Information supplied:
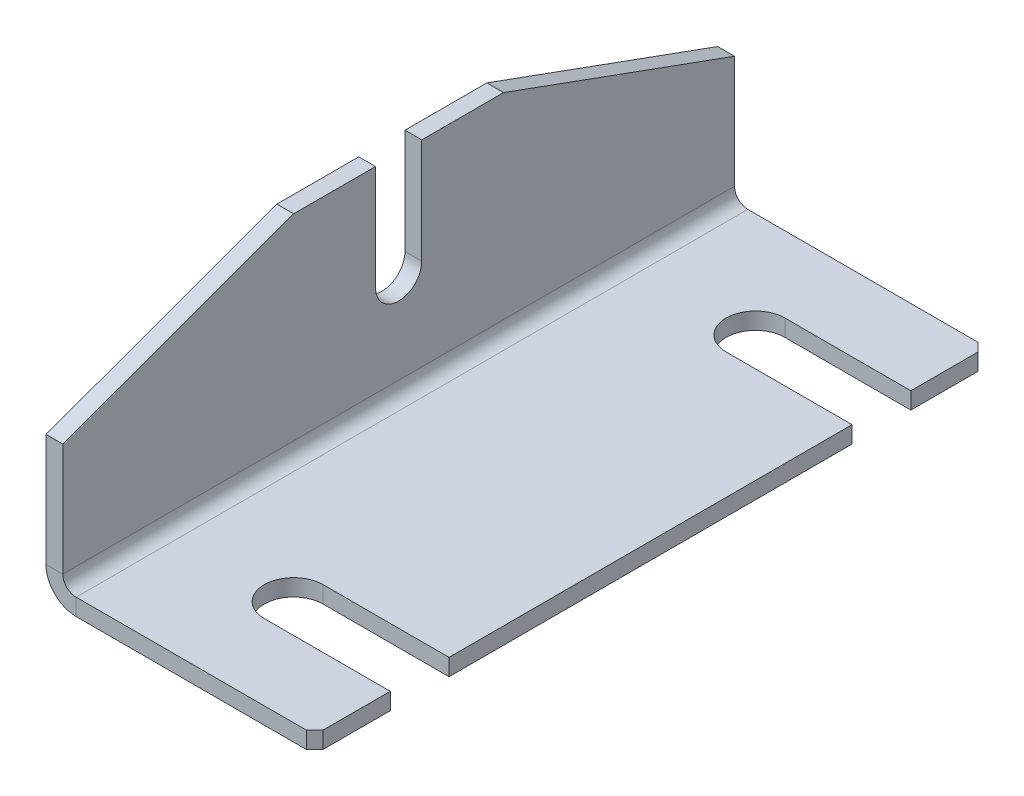
ISO-10303-21;
HEADER;
FILE_DESCRIPTION(('STEP AP214'),'2;1');
FILE_NAME('part.step','',(''),(''),'','','');
FILE_SCHEMA(('AUTOMOTIVE_DESIGN { 1 0 10303 214 1 1 1 1 }'));
ENDSEC;
DATA;
#1=APPLICATION_CONTEXT('core data for automotive mechanical design processes');
#2=APPLICATION_PROTOCOL_DEFINITION('international standard','automotive_design',2000,#1);
#3=PRODUCT_CONTEXT('',#1,'mechanical');
#4=PRODUCT('Part','Part','',(#3));
#5=PRODUCT_RELATED_PRODUCT_CATEGORY('part','',(#4));
#6=PRODUCT_DEFINITION_FORMATION('','',#4);
#7=PRODUCT_DEFINITION_CONTEXT('part definition',#1,'design');
#8=PRODUCT_DEFINITION('design','',#6,#7);
#9=PRODUCT_DEFINITION_SHAPE('','',#8);
#10=(LENGTH_UNIT() NAMED_UNIT(*) SI_UNIT(.MILLI.,.METRE.));
#11=(NAMED_UNIT(*) PLANE_ANGLE_UNIT() SI_UNIT($,.RADIAN.));
#12=(NAMED_UNIT(*) SI_UNIT($,.STERADIAN.) SOLID_ANGLE_UNIT());
#13=UNCERTAINTY_MEASURE_WITH_UNIT(LENGTH_MEASURE(1.E-05),#10,'distance_accuracy_value','');
#14=(GEOMETRIC_REPRESENTATION_CONTEXT(3) GLOBAL_UNCERTAINTY_ASSIGNED_CONTEXT((#13)) GLOBAL_UNIT_ASSIGNED_CONTEXT((#10,
#11,#12)) REPRESENTATION_CONTEXT('',''));
#15=CARTESIAN_POINT('',(0.,0.,0.));
#16=DIRECTION('',(0.,0.,1.));
#17=DIRECTION('',(1.,0.,0.));
#18=AXIS2_PLACEMENT_3D('',#15,#16,#17);
#19=CARTESIAN_POINT('',(60.,0.,80.));
#20=DIRECTION('',(1.,0.,0.));
#21=DIRECTION('',(0.,0.,-1.));
#22=AXIS2_PLACEMENT_3D('',#19,#20,#21);
#23=PLANE('',#22);
#24=DIRECTION('',(0.,0.,-1.));
#25=VECTOR('',#24,1.);
#26=CARTESIAN_POINT('',(60.,-4.,80.));
#27=LINE('',#26,#25);
#28=CARTESIAN_POINT('',(60.,-4.,-62.));
#29=VERTEX_POINT('',#28);
#30=CARTESIAN_POINT('',(60.,-4.,-78.));
#31=VERTEX_POINT('',#30);
#32=EDGE_CURVE('E359',#29,#31,#27,.T.);
#33=ORIENTED_EDGE('',*,*,#32,.T.);
#34=DIRECTION('',(0.,1.,0.));
#35=VECTOR('',#34,1.);
#36=CARTESIAN_POINT('',(60.,0.,-78.));
#37=LINE('',#36,#35);
#38=CARTESIAN_POINT('',(60.,0.,-78.));
#39=VERTEX_POINT('',#38);
#40=EDGE_CURVE('E381',#31,#39,#37,.T.);
#41=ORIENTED_EDGE('',*,*,#40,.T.);
#42=DIRECTION('',(0.,0.,-1.));
#43=VECTOR('',#42,1.);
#44=CARTESIAN_POINT('',(60.,0.,80.));
#45=LINE('',#44,#43);
#46=CARTESIAN_POINT('',(60.,0.,-62.));
#47=VERTEX_POINT('',#46);
#48=EDGE_CURVE('E356',#47,#39,#45,.T.);
#49=ORIENTED_EDGE('',*,*,#48,.F.);
#50=DIRECTION('',(0.,1.,0.));
#51=VECTOR('',#50,1.);
#52=CARTESIAN_POINT('',(60.,-4.001,-62.));
#53=LINE('',#52,#51);
#54=EDGE_CURVE('E240',#29,#47,#53,.T.);
#55=ORIENTED_EDGE('',*,*,#54,.F.);
#56=EDGE_LOOP('',(#33,#41,#49,#55));
#57=FACE_BOUND('',#56,.T.);
#58=ADVANCED_FACE('F38',(#57),#23,.T.);
#59=DIRECTION('',(0.,1.,0.));
#60=VECTOR('',#59,1.);
#61=CARTESIAN_POINT('',(60.,-4.001,-48.));
#62=LINE('',#61,#60);
#63=CARTESIAN_POINT('',(60.,-4.,-48.));
#64=VERTEX_POINT('',#63);
#65=CARTESIAN_POINT('',(60.,0.,-48.));
#66=VERTEX_POINT('',#65);
#67=EDGE_CURVE('E210',#64,#66,#62,.T.);
#68=ORIENTED_EDGE('',*,*,#67,.T.);
#69=CARTESIAN_POINT('',(60.,0.,48.));
#70=VERTEX_POINT('',#69);
#71=EDGE_CURVE('E360',#70,#66,#45,.T.);
#72=ORIENTED_EDGE('',*,*,#71,.F.);
#73=DIRECTION('',(0.,1.,0.));
#74=VECTOR('',#73,1.);
#75=CARTESIAN_POINT('',(60.,-4.001,48.));
#76=LINE('',#75,#74);
#77=CARTESIAN_POINT('',(60.,-4.,48.));
#78=VERTEX_POINT('',#77);
#79=EDGE_CURVE('E258',#78,#70,#76,.T.);
#80=ORIENTED_EDGE('',*,*,#79,.F.);
#81=EDGE_CURVE('E364',#78,#64,#27,.T.);
#82=ORIENTED_EDGE('',*,*,#81,.T.);
#83=EDGE_LOOP('',(#68,#72,#80,#82));
#84=FACE_BOUND('',#83,.T.);
#85=ADVANCED_FACE('F411',(#84),#23,.T.);
#86=CARTESIAN_POINT('',(-4.,50.,80.));
#87=DIRECTION('',(0.,1.,0.));
#88=DIRECTION('',(0.,0.,1.));
#89=AXIS2_PLACEMENT_3D('',#86,#87,#88);
#90=PLANE('',#89);
#91=DIRECTION('',(1.,0.,0.));
#92=VECTOR('',#91,1.);
#93=CARTESIAN_POINT('',(-4.001,50.,25.));
#94=LINE('',#93,#92);
#95=CARTESIAN_POINT('',(-4.,50.,25.));
#96=VERTEX_POINT('',#95);
#97=CARTESIAN_POINT('',(0.,50.,25.));
#98=VERTEX_POINT('',#97);
#99=EDGE_CURVE('E269',#96,#98,#94,.T.);
#100=ORIENTED_EDGE('',*,*,#99,.T.);
#101=DIRECTION('',(0.,0.,-1.));
#102=VECTOR('',#101,1.);
#103=CARTESIAN_POINT('',(0.,50.,80.));
#104=LINE('',#103,#102);
#105=CARTESIAN_POINT('',(0.,50.,5.50000000000001));
#106=VERTEX_POINT('',#105);
#107=EDGE_CURVE('E348',#98,#106,#104,.T.);
#108=ORIENTED_EDGE('',*,*,#107,.T.);
#109=DIRECTION('',(1.,0.,0.));
#110=VECTOR('',#109,1.);
#111=CARTESIAN_POINT('',(-4.001,50.,5.50000000000001));
#112=LINE('',#111,#110);
#113=CARTESIAN_POINT('',(-4.,50.,5.50000000000001));
#114=VERTEX_POINT('',#113);
#115=EDGE_CURVE('E300',#114,#106,#112,.T.);
#116=ORIENTED_EDGE('',*,*,#115,.F.);
#117=DIRECTION('',(0.,0.,-1.));
#118=VECTOR('',#117,1.);
#119=CARTESIAN_POINT('',(-4.,50.,80.));
#120=LINE('',#119,#118);
#121=EDGE_CURVE('E345',#96,#114,#120,.T.);
#122=ORIENTED_EDGE('',*,*,#121,.F.);
#123=EDGE_LOOP('',(#100,#108,#116,#122));
#124=FACE_BOUND('',#123,.T.);
#125=ADVANCED_FACE('F487',(#124),#90,.T.);
#126=CARTESIAN_POINT('',(3.175,0.,80.));
#127=DIRECTION('',(0.,0.,1.));
#128=DIRECTION('',(1.,0.,0.));
#129=AXIS2_PLACEMENT_3D('',#126,#127,#128);
#130=PLANE('',#129);
#131=DIRECTION('',(0.,-1.,0.));
#132=VECTOR('',#131,1.);
#133=CARTESIAN_POINT('',(3.175,0.,80.));
#134=LINE('',#133,#132);
#135=CARTESIAN_POINT('',(3.175,0.,80.));
#136=VERTEX_POINT('',#135);
#137=CARTESIAN_POINT('',(3.175,-4.,80.));
#138=VERTEX_POINT('',#137);
#139=EDGE_CURVE('E372',#136,#138,#134,.T.);
#140=ORIENTED_EDGE('',*,*,#139,.F.);
#141=CARTESIAN_POINT('',(3.175,3.175,80.));
#142=DIRECTION('',(0.,0.,-1.));
#143=DIRECTION('',(-1.,0.,0.));
#144=AXIS2_PLACEMENT_3D('',#141,#142,#143);
#145=CIRCLE('',#144,3.175);
#146=CARTESIAN_POINT('',(0.,3.175,80.));
#147=VERTEX_POINT('',#146);
#148=EDGE_CURVE('E315',#147,#136,#145,.F.);
#149=ORIENTED_EDGE('',*,*,#148,.F.);
#150=DIRECTION('',(1.,0.,0.));
#151=VECTOR('',#150,1.);
#152=CARTESIAN_POINT('',(-4.,3.175,80.));
#153=LINE('',#152,#151);
#154=CARTESIAN_POINT('',(-4.,3.175,80.));
#155=VERTEX_POINT('',#154);
#156=EDGE_CURVE('E369',#155,#147,#153,.T.);
#157=ORIENTED_EDGE('',*,*,#156,.F.);
#158=CARTESIAN_POINT('',(3.175,3.175,80.));
#159=DIRECTION('',(0.,0.,1.));
#160=DIRECTION('',(1.,0.,0.));
#161=AXIS2_PLACEMENT_3D('',#158,#159,#160);
#162=CIRCLE('',#161,7.175);
#163=EDGE_CURVE('E322',#155,#138,#162,.T.);
#164=ORIENTED_EDGE('',*,*,#163,.T.);
#165=EDGE_LOOP('',(#140,#149,#157,#164));
#166=FACE_BOUND('',#165,.T.);
#167=ADVANCED_FACE('F439',(#166),#130,.T.);
#168=CARTESIAN_POINT('',(-4.,3.175,80.));
#169=DIRECTION('',(0.,0.,1.));
#170=DIRECTION('',(1.,0.,0.));
#171=AXIS2_PLACEMENT_3D('',#168,#169,#170);
#172=PLANE('',#171);
#173=DIRECTION('',(1.,0.,0.));
#174=VECTOR('',#173,1.);
#175=CARTESIAN_POINT('',(0.,-4.,80.));
#176=LINE('',#175,#174);
#177=CARTESIAN_POINT('',(58.,-4.,80.));
#178=VERTEX_POINT('',#177);
#179=EDGE_CURVE('E310',#138,#178,#176,.T.);
#180=ORIENTED_EDGE('',*,*,#179,.T.);
#181=DIRECTION('',(0.,1.,0.));
#182=VECTOR('',#181,1.);
#183=CARTESIAN_POINT('',(58.,3.175,80.));
#184=LINE('',#183,#182);
#185=CARTESIAN_POINT('',(58.,0.,80.));
#186=VERTEX_POINT('',#185);
#187=EDGE_CURVE('E11',#178,#186,#184,.T.);
#188=ORIENTED_EDGE('',*,*,#187,.T.);
#189=DIRECTION('',(1.,0.,0.));
#190=VECTOR('',#189,1.);
#191=CARTESIAN_POINT('',(0.,0.,80.));
#192=LINE('',#191,#190);
#193=EDGE_CURVE('E312',#136,#186,#192,.T.);
#194=ORIENTED_EDGE('',*,*,#193,.F.);
#195=ORIENTED_EDGE('',*,*,#139,.T.);
#196=EDGE_LOOP('',(#180,#188,#194,#195));
#197=FACE_BOUND('',#196,.T.);
#198=ADVANCED_FACE('F434',(#197),#172,.T.);
#199=CARTESIAN_POINT('',(0.,3.175,-80.));
#200=DIRECTION('',(0.,0.,-1.));
#201=DIRECTION('',(-1.,0.,0.));
#202=AXIS2_PLACEMENT_3D('',#199,#200,#201);
#203=PLANE('',#202);
#204=DIRECTION('',(-1.,0.,0.));
#205=VECTOR('',#204,1.);
#206=CARTESIAN_POINT('',(0.,3.175,-80.));
#207=LINE('',#206,#205);
#208=CARTESIAN_POINT('',(0.,3.175,-80.));
#209=VERTEX_POINT('',#208);
#210=CARTESIAN_POINT('',(-4.,3.175,-80.));
#211=VERTEX_POINT('',#210);
#212=EDGE_CURVE('E366',#209,#211,#207,.T.);
#213=ORIENTED_EDGE('',*,*,#212,.F.);
#214=CARTESIAN_POINT('',(3.175,3.175,-80.));
#215=DIRECTION('',(0.,0.,-1.));
#216=DIRECTION('',(-1.,0.,0.));
#217=AXIS2_PLACEMENT_3D('',#214,#215,#216);
#218=CIRCLE('',#217,3.175);
#219=CARTESIAN_POINT('',(3.175,0.,-80.));
#220=VERTEX_POINT('',#219);
#221=EDGE_CURVE('E330',#209,#220,#218,.F.);
#222=ORIENTED_EDGE('',*,*,#221,.T.);
#223=DIRECTION('',(0.,1.,0.));
#224=VECTOR('',#223,1.);
#225=CARTESIAN_POINT('',(3.175,-4.,-80.));
#226=LINE('',#225,#224);
#227=CARTESIAN_POINT('',(3.175,-4.,-80.));
#228=VERTEX_POINT('',#227);
#229=EDGE_CURVE('E363',#228,#220,#226,.T.);
#230=ORIENTED_EDGE('',*,*,#229,.F.);
#231=CARTESIAN_POINT('',(3.175,3.175,-80.));
#232=DIRECTION('',(0.,0.,1.));
#233=DIRECTION('',(1.,0.,0.));
#234=AXIS2_PLACEMENT_3D('',#231,#232,#233);
#235=CIRCLE('',#234,7.175);
#236=EDGE_CURVE('E313',#211,#228,#235,.T.);
#237=ORIENTED_EDGE('',*,*,#236,.F.);
#238=EDGE_LOOP('',(#213,#222,#230,#237));
#239=FACE_BOUND('',#238,.T.);
#240=ADVANCED_FACE('F444',(#239),#203,.T.);
#241=CARTESIAN_POINT('',(3.175,-4.,-80.));
#242=DIRECTION('',(0.,0.,-1.));
#243=DIRECTION('',(-1.,0.,0.));
#244=AXIS2_PLACEMENT_3D('',#241,#242,#243);
#245=PLANE('',#244);
#246=DIRECTION('',(1.,0.,0.));
#247=VECTOR('',#246,1.);
#248=CARTESIAN_POINT('',(-4.001,30.,-80.));
#249=LINE('',#248,#247);
#250=CARTESIAN_POINT('',(-4.,30.,-80.));
#251=VERTEX_POINT('',#250);
#252=CARTESIAN_POINT('',(0.,30.,-80.));
#253=VERTEX_POINT('',#252);
#254=EDGE_CURVE('E278',#251,#253,#249,.T.);
#255=ORIENTED_EDGE('',*,*,#254,.T.);
#256=DIRECTION('',(0.,-1.,0.));
#257=VECTOR('',#256,1.);
#258=CARTESIAN_POINT('',(0.,0.,-80.));
#259=LINE('',#258,#257);
#260=EDGE_CURVE('E333',#253,#209,#259,.T.);
#261=ORIENTED_EDGE('',*,*,#260,.T.);
#262=ORIENTED_EDGE('',*,*,#212,.T.);
#263=DIRECTION('',(0.,1.,0.));
#264=VECTOR('',#263,1.);
#265=CARTESIAN_POINT('',(-4.,0.,-80.));
#266=LINE('',#265,#264);
#267=EDGE_CURVE('E335',#251,#211,#266,.F.);
#268=ORIENTED_EDGE('',*,*,#267,.F.);
#269=EDGE_LOOP('',(#255,#261,#262,#268));
#270=FACE_BOUND('',#269,.T.);
#271=ADVANCED_FACE('F464',(#270),#245,.T.);
#272=CARTESIAN_POINT('',(0.,-4.,80.));
#273=DIRECTION('',(0.,1.,0.));
#274=DIRECTION('',(0.,0.,1.));
#275=AXIS2_PLACEMENT_3D('',#272,#273,#274);
#276=PLANE('',#275);
#277=DIRECTION('',(1.,0.,0.));
#278=VECTOR('',#277,1.);
#279=CARTESIAN_POINT('',(0.,-4.,-80.));
#280=LINE('',#279,#278);
#281=CARTESIAN_POINT('',(58.,-4.,-80.));
#282=VERTEX_POINT('',#281);
#283=EDGE_CURVE('E309',#228,#282,#280,.T.);
#284=ORIENTED_EDGE('',*,*,#283,.T.);
#285=DIRECTION('',(-0.707106781186548,0.,-0.707106781186548));
#286=VECTOR('',#285,1.);
#287=CARTESIAN_POINT('',(58.,-4.,-80.));
#288=LINE('',#287,#286);
#289=EDGE_CURVE('E379',#282,#31,#288,.F.);
#290=ORIENTED_EDGE('',*,*,#289,.T.);
#291=ORIENTED_EDGE('',*,*,#32,.F.);
#292=DIRECTION('',(1.,0.,0.));
#293=VECTOR('',#292,1.);
#294=CARTESIAN_POINT('',(30.,-4.,-62.));
#295=LINE('',#294,#293);
#296=CARTESIAN_POINT('',(30.,-4.,-62.));
#297=VERTEX_POINT('',#296);
#298=EDGE_CURVE('E226',#297,#29,#295,.T.);
#299=ORIENTED_EDGE('',*,*,#298,.F.);
#300=CARTESIAN_POINT('',(30.,-4.,-55.));
#301=DIRECTION('',(0.,1.,0.));
#302=DIRECTION('',(0.,0.,1.));
#303=AXIS2_PLACEMENT_3D('',#300,#301,#302);
#304=CIRCLE('',#303,7.00000000000001);
#305=CARTESIAN_POINT('',(30.,-4.,-48.));
#306=VERTEX_POINT('',#305);
#307=EDGE_CURVE('E204',#306,#297,#304,.F.);
#308=ORIENTED_EDGE('',*,*,#307,.F.);
#309=DIRECTION('',(-1.,0.,0.));
#310=VECTOR('',#309,1.);
#311=CARTESIAN_POINT('',(30.,-4.,-48.));
#312=LINE('',#311,#310);
#313=EDGE_CURVE('E214',#64,#306,#312,.T.);
#314=ORIENTED_EDGE('',*,*,#313,.F.);
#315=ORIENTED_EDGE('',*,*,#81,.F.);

Task details:
Write out exactly the lines above, from the very first through the line containing "#25=VECTOR('',#24,1.);", both kept, with the pictures removed.

Written solution:
ISO-10303-21;
HEADER;
FILE_DESCRIPTION(('STEP AP214'),'2;1');
FILE_NAME('part.step','',(''),(''),'','','');
FILE_SCHEMA(('AUTOMOTIVE_DESIGN { 1 0 10303 214 1 1 1 1 }'));
ENDSEC;
DATA;
#1=APPLICATION_CONTEXT('core data for automotive mechanical design processes');
#2=APPLICATION_PROTOCOL_DEFINITION('international standard','automotive_design',2000,#1);
#3=PRODUCT_CONTEXT('',#1,'mechanical');
#4=PRODUCT('Part','Part','',(#3));
#5=PRODUCT_RELATED_PRODUCT_CATEGORY('part','',(#4));
#6=PRODUCT_DEFINITION_FORMATION('','',#4);
#7=PRODUCT_DEFINITION_CONTEXT('part definition',#1,'design');
#8=PRODUCT_DEFINITION('design','',#6,#7);
#9=PRODUCT_DEFINITION_SHAPE('','',#8);
#10=(LENGTH_UNIT() NAMED_UNIT(*) SI_UNIT(.MILLI.,.METRE.));
#11=(NAMED_UNIT(*) PLANE_ANGLE_UNIT() SI_UNIT($,.RADIAN.));
#12=(NAMED_UNIT(*) SI_UNIT($,.STERADIAN.) SOLID_ANGLE_UNIT());
#13=UNCERTAINTY_MEASURE_WITH_UNIT(LENGTH_MEASURE(1.E-05),#10,'distance_accuracy_value','');
#14=(GEOMETRIC_REPRESENTATION_CONTEXT(3) GLOBAL_UNCERTAINTY_ASSIGNED_CONTEXT((#13)) GLOBAL_UNIT_ASSIGNED_CONTEXT((#10,
#11,#12)) REPRESENTATION_CONTEXT('',''));
#15=CARTESIAN_POINT('',(0.,0.,0.));
#16=DIRECTION('',(0.,0.,1.));
#17=DIRECTION('',(1.,0.,0.));
#18=AXIS2_PLACEMENT_3D('',#15,#16,#17);
#19=CARTESIAN_POINT('',(60.,0.,80.));
#20=DIRECTION('',(1.,0.,0.));
#21=DIRECTION('',(0.,0.,-1.));
#22=AXIS2_PLACEMENT_3D('',#19,#20,#21);
#23=PLANE('',#22);
#24=DIRECTION('',(0.,0.,-1.));
#25=VECTOR('',#24,1.);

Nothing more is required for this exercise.